Wie stark ist Berliner Mode, wenn es um Nachhaltigkeit geht?
Viele Kreative sind im Laufe der Jahre zu Vorbildern in der Branche in Sachen Nachhaltigkeit geworden, die unterschiedliche Ansätze von verantwortlichem und achtsamem Design verfolgen. Ich denke hier an Designer*innen wie Julia Leifert, die lokal beschafft und in Handarbeit ihre Kreationen hergestellt, Karen Jessen, die für transparente Schneiderkunst und die Nutzung von bereits bestehenden Materialien ohne Abfallerzeugung steht, und LMLstudio, der von Hand Kleidung ohne Geschlecht und Größenzuordnung schafft - um nur einige zu nennen. Berlin ist ein kreativer und innovativer Schmelztiegel, wenn es um neue nachhaltige Lösungen in Sachen Produktion und Design geht. Ich denke, wir müssen uns in dieser Hinsicht nicht verstecken.
Nicht nur die Berlin Fashion Week steht im Wandel, sondern die komplette Modebranche weltweit – wie siehst du die Entwicklung und vor allem die Chancen?
Die großen Themen, die im Raum stehen, sind in jedem Fall Digitalisierung und Nachhaltigkeit. Wie können wir mit der MBFW nachhaltigen Innovationen und Designer*innen nicht nur eine Plattform bieten, sondern sie auch aktiv fördern? Der Trend geht zu weniger, ausgesuchter und achtsamer in Sachen Mode Design. Gleichzeitig werden die neuen Kollektionen in Echtzeit auf die Bildschirme der Kund:innen und Interessierten gebracht. Die Grenze zwischen B2B und B2C verschwimmt. Mode wird nahbarer, Design demokratischer. Die gelebten Gesetze der Mode werden aktuell neu definiert und das sehe ich als große Chance, um unsere Arbeit und Anliegen und auch die Wertschätzung für gutes, nachhaltiges Design, breit erfahrbar zu machen.

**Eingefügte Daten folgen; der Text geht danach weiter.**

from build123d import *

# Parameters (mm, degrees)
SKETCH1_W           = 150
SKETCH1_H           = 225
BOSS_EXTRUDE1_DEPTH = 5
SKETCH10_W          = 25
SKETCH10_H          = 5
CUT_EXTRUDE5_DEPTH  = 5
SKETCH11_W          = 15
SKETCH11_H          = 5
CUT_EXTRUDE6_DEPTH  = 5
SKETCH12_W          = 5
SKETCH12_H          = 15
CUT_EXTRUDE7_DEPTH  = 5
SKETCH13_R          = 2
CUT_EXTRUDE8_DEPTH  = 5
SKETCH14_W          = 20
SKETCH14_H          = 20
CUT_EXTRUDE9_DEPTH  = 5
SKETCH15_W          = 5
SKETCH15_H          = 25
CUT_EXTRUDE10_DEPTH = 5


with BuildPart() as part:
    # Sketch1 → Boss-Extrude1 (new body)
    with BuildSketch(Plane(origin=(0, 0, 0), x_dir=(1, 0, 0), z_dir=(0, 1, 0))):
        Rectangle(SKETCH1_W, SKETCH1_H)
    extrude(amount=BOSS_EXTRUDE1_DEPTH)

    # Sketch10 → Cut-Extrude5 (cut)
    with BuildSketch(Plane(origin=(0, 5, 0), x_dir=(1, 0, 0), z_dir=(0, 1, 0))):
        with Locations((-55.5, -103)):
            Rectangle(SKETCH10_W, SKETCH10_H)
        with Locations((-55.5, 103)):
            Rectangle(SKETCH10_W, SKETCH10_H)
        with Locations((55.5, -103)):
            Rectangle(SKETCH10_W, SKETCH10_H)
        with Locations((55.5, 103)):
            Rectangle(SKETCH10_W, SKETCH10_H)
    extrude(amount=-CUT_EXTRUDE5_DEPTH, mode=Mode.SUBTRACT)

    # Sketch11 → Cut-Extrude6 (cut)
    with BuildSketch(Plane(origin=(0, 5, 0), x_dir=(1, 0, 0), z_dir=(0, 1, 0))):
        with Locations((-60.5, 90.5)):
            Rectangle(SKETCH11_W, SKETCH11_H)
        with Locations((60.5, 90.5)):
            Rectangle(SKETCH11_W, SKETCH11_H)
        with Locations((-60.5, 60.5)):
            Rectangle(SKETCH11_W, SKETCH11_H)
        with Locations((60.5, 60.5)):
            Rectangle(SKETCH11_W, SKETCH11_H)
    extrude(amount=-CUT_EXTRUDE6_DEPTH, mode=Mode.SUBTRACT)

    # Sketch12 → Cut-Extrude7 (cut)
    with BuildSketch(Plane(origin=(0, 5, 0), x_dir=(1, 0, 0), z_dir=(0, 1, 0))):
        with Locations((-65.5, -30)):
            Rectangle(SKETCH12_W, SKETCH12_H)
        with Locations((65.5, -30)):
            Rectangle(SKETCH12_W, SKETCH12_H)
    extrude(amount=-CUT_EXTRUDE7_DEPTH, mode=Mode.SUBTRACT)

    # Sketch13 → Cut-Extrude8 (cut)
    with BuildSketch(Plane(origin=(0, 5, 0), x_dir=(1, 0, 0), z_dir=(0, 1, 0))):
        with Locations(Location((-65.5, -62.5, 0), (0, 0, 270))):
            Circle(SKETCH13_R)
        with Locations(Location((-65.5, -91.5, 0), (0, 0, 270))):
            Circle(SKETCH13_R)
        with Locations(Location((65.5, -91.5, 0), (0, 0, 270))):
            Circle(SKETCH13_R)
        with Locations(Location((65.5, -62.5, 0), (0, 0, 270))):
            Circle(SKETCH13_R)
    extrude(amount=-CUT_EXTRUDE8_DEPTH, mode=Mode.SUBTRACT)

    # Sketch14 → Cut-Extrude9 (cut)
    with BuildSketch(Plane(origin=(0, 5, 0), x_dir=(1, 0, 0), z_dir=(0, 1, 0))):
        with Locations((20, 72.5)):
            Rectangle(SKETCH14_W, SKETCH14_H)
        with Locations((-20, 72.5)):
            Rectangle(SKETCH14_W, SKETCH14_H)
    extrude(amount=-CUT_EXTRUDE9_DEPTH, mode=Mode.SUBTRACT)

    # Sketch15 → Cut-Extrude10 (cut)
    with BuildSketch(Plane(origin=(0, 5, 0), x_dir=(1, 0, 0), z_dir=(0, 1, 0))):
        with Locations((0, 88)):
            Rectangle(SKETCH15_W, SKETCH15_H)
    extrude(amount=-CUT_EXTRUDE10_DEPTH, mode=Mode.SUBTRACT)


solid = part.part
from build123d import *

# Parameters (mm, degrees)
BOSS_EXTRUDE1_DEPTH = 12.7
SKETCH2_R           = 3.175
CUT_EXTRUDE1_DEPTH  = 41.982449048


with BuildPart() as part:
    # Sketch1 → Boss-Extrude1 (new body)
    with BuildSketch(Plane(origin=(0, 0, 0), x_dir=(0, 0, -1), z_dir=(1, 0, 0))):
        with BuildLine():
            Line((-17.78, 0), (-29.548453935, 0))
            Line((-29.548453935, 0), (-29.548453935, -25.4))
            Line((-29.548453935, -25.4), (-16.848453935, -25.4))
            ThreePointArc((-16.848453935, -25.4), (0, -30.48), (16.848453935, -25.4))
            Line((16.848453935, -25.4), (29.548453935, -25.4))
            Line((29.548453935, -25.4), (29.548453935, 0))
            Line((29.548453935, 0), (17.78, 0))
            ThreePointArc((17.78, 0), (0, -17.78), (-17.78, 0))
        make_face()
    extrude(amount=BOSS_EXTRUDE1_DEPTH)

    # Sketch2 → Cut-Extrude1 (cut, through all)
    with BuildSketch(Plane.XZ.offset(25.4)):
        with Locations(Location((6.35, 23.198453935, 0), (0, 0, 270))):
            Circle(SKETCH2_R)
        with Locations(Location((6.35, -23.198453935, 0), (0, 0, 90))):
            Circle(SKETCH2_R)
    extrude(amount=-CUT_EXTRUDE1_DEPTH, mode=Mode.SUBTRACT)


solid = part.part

Corona hat auch zwingendermaßen zum Wandel beigetragen z.B. haben sich hybride Konzepte bewährt, EinkäuferInnen müssen vielleicht gar nicht mehr physisch vor Ort sein, Networking geht heutzutage auch digital. Wird das so bleiben in der Modebranche und gibt es da seitens MBFW Konzepte, die den Wandel mit vorantreiben? Oder bist du der Meinung, dass man Mode physisch erleben muss?
Über unsere Webseite und Social Media wird die MBFW auch digital erlebbar sein. Die Shows und Panel Talks finden hybrid statt. Daran führt kein Weg vorbei. Gleichzeitig bin ich der Meinung, dass man gerade Mode und Design erst richtig vor Ort erleben kann. Es geht um mehr, als die Kleidung, es geht um ein Gesamtkonzept, wenn man so will. Das spiegelt sowohl bei der MBFW und auch Der Berliner Salon sehr gut wider: Mode und Design im Kontext zueinander, im Zusammenspiel mit Architektur und Raum. Gutes Design ist ein Erlebnis mit allen Sinnen, das man nur vor Ort wirklich erfährt. Gleichzeitig ist es natürlich auch wichtig, die Stoffe der Entwürfe zu fühlen oder bei einer Show getragen in Bewegung zu sehen.
Zurück zur MBFW: Neben den Runway Shows finden auch Talks statt. Was sind die Hauptthemen? Und das Ziel der Talks?
Wir haben diese Saison vier Talks: „Fashion - Repairs and Restoration“ in Zusammenarbeit mit Fashion Open Studio. „What would Karl do - How to be a designer now and then“ mit Christiane Arp und Designerin Tina Lutz. Beim Gespräch von She’s Mercedes, einer Initiative von Mercedes-Benz, beleuchten die Teilnehmerinnen der Gesprächsrunde „Sustainability: The luxury of our future“. Abschließen wir die Panel Talk-Reihe am Mittwochnachmittag „Can the Future be Handmade? - Indian and German perspectives“ von den Initiatorinnen des deutsch-indischen Projekts made/in.Alle Talks kreisen um die Themen Nachhaltigkeit, Nachwuchsförderung, die Chancen von Digitalisierung und der Frage, wohin die Reise geht für die Branche.
Das Highlights der MBFW ist die Opening Show, die auch am 14. März abends stattfindet – könnt ihr schon verraten, wer die Berliner Modewoche eröffnen wird?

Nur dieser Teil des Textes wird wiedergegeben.